▶ _TASK TO COMPLETE_
Your task is to copy the stretch of lines in the records below that begins with the line containing "## Relevant links" and ends with the line containing "[/SuperPower-uC/original](/SuperPower-uC/original/)", exactly as written, with nothing added.

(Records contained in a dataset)
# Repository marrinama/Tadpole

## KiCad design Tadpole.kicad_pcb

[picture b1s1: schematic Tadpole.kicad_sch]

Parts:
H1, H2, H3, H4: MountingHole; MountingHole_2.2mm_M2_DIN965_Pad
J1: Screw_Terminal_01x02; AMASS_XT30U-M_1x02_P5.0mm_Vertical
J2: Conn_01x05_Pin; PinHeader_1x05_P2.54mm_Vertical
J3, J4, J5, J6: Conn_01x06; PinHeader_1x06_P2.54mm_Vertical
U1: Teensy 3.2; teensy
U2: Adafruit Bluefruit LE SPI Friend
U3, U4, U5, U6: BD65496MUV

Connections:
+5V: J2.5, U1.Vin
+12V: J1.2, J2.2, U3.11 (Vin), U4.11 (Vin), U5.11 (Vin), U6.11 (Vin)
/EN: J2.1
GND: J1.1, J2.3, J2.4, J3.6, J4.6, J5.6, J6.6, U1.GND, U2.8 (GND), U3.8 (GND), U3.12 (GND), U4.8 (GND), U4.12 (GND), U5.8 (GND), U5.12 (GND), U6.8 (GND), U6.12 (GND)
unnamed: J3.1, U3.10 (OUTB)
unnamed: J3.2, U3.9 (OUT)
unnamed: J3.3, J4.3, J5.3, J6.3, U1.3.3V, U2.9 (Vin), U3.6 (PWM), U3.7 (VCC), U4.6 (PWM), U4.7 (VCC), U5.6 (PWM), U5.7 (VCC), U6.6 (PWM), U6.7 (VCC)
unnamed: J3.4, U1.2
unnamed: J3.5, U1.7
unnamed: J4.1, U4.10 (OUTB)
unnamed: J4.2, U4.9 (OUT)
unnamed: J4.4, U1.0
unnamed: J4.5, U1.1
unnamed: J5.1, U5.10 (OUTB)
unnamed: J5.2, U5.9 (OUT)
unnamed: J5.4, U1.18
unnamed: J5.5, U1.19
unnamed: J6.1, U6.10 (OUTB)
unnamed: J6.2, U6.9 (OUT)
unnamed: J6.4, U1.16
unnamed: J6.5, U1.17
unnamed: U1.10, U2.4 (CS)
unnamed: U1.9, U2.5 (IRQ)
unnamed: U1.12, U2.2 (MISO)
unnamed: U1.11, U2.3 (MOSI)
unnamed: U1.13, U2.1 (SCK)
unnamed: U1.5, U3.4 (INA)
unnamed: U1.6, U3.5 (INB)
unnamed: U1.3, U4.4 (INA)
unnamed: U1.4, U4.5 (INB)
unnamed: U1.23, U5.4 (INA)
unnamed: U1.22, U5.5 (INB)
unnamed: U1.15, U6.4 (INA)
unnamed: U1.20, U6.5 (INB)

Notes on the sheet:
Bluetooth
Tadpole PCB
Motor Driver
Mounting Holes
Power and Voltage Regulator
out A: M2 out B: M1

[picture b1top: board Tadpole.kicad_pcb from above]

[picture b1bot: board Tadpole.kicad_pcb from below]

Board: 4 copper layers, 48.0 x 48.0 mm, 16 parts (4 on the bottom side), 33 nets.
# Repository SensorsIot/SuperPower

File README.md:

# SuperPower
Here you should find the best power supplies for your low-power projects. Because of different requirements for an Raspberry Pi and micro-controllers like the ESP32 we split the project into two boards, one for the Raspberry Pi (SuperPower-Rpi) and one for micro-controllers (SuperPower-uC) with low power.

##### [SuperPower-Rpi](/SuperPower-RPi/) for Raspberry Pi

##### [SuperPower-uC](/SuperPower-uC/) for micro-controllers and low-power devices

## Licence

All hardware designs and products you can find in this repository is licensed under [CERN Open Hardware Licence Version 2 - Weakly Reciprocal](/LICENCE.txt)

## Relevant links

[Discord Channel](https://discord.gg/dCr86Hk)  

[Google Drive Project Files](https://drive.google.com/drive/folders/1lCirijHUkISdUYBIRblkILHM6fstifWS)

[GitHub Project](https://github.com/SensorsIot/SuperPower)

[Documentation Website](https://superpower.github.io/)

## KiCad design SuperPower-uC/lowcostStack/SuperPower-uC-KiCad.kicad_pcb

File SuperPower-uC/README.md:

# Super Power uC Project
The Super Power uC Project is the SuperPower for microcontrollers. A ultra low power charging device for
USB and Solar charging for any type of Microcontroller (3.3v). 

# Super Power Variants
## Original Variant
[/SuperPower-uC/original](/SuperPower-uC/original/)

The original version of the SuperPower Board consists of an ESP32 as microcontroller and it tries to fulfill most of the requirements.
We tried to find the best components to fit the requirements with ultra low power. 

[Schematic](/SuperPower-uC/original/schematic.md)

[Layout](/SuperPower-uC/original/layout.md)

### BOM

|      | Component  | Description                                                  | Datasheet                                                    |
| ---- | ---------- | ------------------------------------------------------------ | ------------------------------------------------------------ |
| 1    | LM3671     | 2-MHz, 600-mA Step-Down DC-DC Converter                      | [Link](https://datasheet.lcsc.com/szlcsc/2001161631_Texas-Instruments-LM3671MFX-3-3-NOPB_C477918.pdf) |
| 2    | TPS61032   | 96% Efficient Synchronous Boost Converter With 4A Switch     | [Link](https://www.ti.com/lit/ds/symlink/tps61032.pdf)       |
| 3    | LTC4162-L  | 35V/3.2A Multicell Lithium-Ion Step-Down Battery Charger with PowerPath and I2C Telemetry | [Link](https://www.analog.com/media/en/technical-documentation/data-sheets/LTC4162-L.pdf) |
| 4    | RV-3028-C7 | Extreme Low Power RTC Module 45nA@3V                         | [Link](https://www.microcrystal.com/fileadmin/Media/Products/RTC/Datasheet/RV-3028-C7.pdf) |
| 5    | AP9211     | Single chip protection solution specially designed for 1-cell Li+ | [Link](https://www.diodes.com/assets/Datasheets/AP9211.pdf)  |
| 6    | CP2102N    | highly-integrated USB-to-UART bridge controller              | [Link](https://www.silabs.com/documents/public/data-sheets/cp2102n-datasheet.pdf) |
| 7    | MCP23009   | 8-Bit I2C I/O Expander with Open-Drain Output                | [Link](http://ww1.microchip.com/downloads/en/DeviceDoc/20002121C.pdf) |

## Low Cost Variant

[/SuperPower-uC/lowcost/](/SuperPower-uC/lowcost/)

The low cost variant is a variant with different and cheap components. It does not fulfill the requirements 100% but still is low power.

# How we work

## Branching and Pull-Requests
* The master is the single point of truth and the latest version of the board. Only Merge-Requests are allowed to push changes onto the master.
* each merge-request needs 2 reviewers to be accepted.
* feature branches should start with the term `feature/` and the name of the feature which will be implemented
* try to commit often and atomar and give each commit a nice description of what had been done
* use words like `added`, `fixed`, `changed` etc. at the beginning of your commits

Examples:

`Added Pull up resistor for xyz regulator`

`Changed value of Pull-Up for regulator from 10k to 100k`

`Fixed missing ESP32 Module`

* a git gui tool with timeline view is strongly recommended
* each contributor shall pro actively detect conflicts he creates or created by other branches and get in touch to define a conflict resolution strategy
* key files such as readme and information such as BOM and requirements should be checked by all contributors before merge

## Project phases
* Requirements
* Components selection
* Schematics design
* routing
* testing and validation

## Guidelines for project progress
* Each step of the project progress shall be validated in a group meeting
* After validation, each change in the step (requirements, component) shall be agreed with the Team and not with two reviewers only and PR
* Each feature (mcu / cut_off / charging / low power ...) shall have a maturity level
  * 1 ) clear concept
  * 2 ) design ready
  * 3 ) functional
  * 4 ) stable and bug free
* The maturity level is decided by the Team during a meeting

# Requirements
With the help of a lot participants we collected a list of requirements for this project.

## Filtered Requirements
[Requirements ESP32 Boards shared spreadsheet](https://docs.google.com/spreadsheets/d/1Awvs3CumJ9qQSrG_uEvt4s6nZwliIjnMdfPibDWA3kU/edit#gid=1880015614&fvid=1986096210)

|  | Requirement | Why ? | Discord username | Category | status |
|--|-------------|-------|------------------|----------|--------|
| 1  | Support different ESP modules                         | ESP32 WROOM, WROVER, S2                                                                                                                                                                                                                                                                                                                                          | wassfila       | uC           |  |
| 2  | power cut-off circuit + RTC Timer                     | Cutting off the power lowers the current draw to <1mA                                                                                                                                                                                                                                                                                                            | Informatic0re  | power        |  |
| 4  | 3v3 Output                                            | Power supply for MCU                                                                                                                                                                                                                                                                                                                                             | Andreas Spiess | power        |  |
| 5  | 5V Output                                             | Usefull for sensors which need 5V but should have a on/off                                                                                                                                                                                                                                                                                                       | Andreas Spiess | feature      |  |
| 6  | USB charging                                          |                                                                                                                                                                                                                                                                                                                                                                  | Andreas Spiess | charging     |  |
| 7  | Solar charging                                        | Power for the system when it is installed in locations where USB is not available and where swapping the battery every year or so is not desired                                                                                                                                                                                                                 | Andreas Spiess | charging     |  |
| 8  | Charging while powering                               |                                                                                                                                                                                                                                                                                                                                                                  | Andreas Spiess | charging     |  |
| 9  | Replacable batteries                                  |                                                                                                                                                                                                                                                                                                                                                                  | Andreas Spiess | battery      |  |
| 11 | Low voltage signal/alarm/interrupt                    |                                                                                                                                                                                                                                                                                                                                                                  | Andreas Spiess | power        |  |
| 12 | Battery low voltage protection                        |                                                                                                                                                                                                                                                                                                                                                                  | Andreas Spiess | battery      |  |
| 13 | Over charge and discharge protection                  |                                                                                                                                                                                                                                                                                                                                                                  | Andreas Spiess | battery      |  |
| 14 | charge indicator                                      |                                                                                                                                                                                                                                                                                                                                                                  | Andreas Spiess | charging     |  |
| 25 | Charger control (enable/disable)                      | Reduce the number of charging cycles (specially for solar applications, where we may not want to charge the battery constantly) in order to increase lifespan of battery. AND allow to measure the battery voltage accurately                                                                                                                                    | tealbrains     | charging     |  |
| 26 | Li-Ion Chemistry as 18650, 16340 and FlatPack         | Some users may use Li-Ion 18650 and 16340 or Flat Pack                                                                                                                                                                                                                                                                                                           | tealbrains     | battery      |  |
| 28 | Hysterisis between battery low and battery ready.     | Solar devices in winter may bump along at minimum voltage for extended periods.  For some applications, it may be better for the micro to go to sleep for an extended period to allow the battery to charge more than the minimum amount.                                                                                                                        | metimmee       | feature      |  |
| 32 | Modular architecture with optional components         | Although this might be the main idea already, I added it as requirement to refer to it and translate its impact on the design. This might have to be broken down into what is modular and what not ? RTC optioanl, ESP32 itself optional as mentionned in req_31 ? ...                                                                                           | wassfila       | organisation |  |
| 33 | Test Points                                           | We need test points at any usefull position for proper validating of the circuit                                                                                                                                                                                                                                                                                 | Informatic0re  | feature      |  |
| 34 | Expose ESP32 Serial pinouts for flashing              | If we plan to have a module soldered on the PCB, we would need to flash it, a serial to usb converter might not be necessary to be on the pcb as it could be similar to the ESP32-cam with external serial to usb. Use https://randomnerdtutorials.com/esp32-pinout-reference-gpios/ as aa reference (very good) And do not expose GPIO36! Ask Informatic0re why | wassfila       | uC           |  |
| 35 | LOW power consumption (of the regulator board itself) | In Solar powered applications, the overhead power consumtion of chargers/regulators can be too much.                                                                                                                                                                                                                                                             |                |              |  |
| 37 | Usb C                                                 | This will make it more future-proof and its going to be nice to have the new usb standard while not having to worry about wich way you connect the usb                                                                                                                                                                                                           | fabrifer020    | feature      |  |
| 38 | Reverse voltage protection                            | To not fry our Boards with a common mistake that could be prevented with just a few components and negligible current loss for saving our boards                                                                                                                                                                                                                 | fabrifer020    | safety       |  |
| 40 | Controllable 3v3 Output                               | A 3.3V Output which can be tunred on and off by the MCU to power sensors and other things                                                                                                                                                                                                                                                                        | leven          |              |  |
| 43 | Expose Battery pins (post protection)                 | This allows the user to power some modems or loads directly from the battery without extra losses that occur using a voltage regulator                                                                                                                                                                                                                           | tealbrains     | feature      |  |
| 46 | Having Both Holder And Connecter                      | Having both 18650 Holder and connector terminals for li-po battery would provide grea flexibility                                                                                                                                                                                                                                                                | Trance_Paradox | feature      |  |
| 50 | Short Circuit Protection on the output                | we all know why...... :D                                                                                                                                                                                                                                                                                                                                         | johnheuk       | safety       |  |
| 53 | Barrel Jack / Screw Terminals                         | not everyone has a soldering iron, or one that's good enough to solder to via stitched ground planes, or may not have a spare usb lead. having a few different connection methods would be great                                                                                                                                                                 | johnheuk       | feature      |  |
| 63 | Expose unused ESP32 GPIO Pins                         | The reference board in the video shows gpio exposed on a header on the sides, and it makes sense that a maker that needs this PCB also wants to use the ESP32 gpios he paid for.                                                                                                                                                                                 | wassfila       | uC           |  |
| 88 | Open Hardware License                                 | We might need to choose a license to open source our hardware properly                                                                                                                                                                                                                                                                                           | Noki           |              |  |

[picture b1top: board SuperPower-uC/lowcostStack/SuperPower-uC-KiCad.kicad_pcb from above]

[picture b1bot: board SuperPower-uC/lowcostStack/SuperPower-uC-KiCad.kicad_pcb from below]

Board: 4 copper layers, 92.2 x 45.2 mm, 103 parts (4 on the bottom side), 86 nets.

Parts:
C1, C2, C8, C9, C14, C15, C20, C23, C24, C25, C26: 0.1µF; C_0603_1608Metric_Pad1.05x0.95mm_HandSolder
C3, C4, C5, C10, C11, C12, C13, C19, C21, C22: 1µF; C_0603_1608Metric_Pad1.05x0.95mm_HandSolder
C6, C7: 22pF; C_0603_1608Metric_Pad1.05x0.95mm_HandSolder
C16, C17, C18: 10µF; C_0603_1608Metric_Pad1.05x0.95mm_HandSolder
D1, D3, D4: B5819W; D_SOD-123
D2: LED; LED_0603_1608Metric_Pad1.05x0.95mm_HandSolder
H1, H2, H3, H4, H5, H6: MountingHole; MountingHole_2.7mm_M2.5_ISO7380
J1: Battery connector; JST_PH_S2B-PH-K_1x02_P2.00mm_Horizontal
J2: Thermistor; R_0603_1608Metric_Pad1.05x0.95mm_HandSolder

▶ _SOLUTION TO THIS EXERCISE_
## Relevant links

[Discord Channel](https://discord.gg/dCr86Hk)  

[Google Drive Project Files](https://drive.google.com/drive/folders/1lCirijHUkISdUYBIRblkILHM6fstifWS)

[GitHub Project](https://github.com/SensorsIot/SuperPower)

[Documentation Website](https://superpower.github.io/)

## KiCad design SuperPower-uC/lowcostStack/SuperPower-uC-KiCad.kicad_pcb

File SuperPower-uC/README.md:

# Super Power uC Project
The Super Power uC Project is the SuperPower for microcontrollers. A ultra low power charging device for
USB and Solar charging for any type of Microcontroller (3.3v). 

# Super Power Variants
## Original Variant
[/SuperPower-uC/original](/SuperPower-uC/original/)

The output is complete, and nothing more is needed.